Saved entries:
________
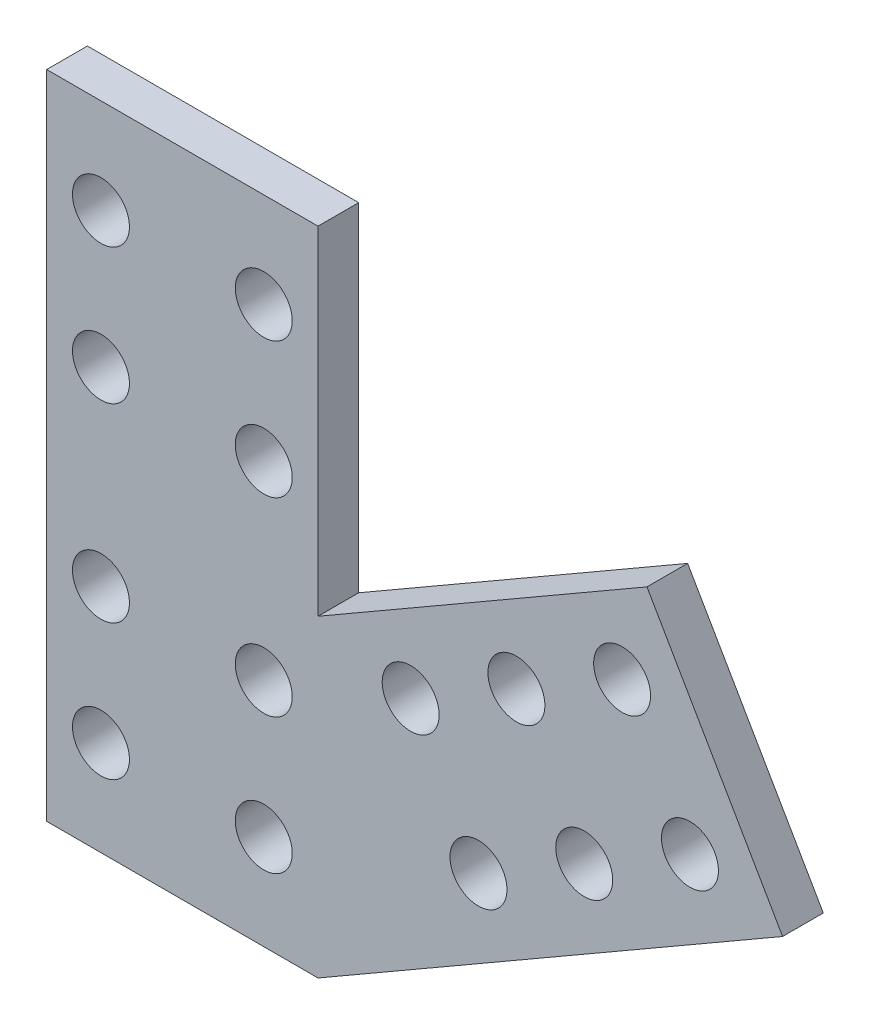
from build123d import *

# Parameters (mm, degrees)
EXTRUDE_1_DEPTH     = 3
SKETCH_2_R          = 2.1
CUT_EXTRUDE_1_DEPTH = 3


with BuildPart() as part:
    # 草图1 → 凸台-拉伸1 (new body)
    with BuildSketch(Plane.XY):
        Polygon((0, 48), (0, 0), (20, 0), (54.248711306, 19.773502692), (44.248711306, 37.094010768), (20, 23.094010768), (20, 48), align=None)
    extrude(amount=EXTRUDE_1_DEPTH)

    # 草图2 → 切除-拉伸1 (cut)
    with BuildSketch(Plane(origin=(0, 0, 0), x_dir=(-1, 0, 0), z_dir=(0, 0, -1))):
        with Locations((-47.418584287, 21.603629711)):
            Circle(SKETCH_2_R)
        with Locations((-42.418584287, 30.263883749)):
            Circle(SKETCH_2_R)
        with Locations((-34.624355653, 25.763883749)):
            Circle(SKETCH_2_R)
        with Locations((-39.624355653, 17.103629711)):
            Circle(SKETCH_2_R)
        with Locations((-31.830127019, 12.603629711)):
            Circle(SKETCH_2_R)
        with Locations((-26.830127019, 21.263883749)):
            Circle(SKETCH_2_R)
        with Locations((-16, 7)):
            Circle(SKETCH_2_R)
        with Locations((-16, 17)):
            Circle(SKETCH_2_R)
        with Locations((-4, 7)):
            Circle(SKETCH_2_R)
        with Locations((-4, 17)):
            Circle(SKETCH_2_R)
        with Locations((-16, 31)):
            Circle(SKETCH_2_R)
        with Locations((-16, 41)):
            Circle(SKETCH_2_R)
        with Locations((-4, 31)):
            Circle(SKETCH_2_R)
        with Locations((-4, 41)):
            Circle(SKETCH_2_R)
    extrude(amount=-CUT_EXTRUDE_1_DEPTH, mode=Mode.SUBTRACT)


solid = part.part
________
▶ Aim of the task: Return the data verbatim, leaving out the pictures it holds.

▶ Exercise response:
from build123d import *

# Parameters (mm, degrees)
EXTRUDE_1_DEPTH     = 3
SKETCH_2_R          = 2.1
CUT_EXTRUDE_1_DEPTH = 3


with BuildPart() as part:
    # 草图1 → 凸台-拉伸1 (new body)
    with BuildSketch(Plane.XY):
        Polygon((0, 48), (0, 0), (20, 0), (54.248711306, 19.773502692), (44.248711306, 37.094010768), (20, 23.094010768), (20, 48), align=None)
    extrude(amount=EXTRUDE_1_DEPTH)

    # 草图2 → 切除-拉伸1 (cut)
    with BuildSketch(Plane(origin=(0, 0, 0), x_dir=(-1, 0, 0), z_dir=(0, 0, -1))):
        with Locations((-47.418584287, 21.603629711)):
            Circle(SKETCH_2_R)
        with Locations((-42.418584287, 30.263883749)):
            Circle(SKETCH_2_R)
        with Locations((-34.624355653, 25.763883749)):
            Circle(SKETCH_2_R)
        with Locations((-39.624355653, 17.103629711)):
            Circle(SKETCH_2_R)
        with Locations((-31.830127019, 12.603629711)):
            Circle(SKETCH_2_R)
        with Locations((-26.830127019, 21.263883749)):
            Circle(SKETCH_2_R)
        with Locations((-16, 7)):
            Circle(SKETCH_2_R)
        with Locations((-16, 17)):
            Circle(SKETCH_2_R)
        with Locations((-4, 7)):
            Circle(SKETCH_2_R)
        with Locations((-4, 17)):
            Circle(SKETCH_2_R)
        with Locations((-16, 31)):
            Circle(SKETCH_2_R)
        with Locations((-16, 41)):
            Circle(SKETCH_2_R)
        with Locations((-4, 31)):
            Circle(SKETCH_2_R)
        with Locations((-4, 41)):
            Circle(SKETCH_2_R)
    extrude(amount=-CUT_EXTRUDE_1_DEPTH, mode=Mode.SUBTRACT)


solid = part.part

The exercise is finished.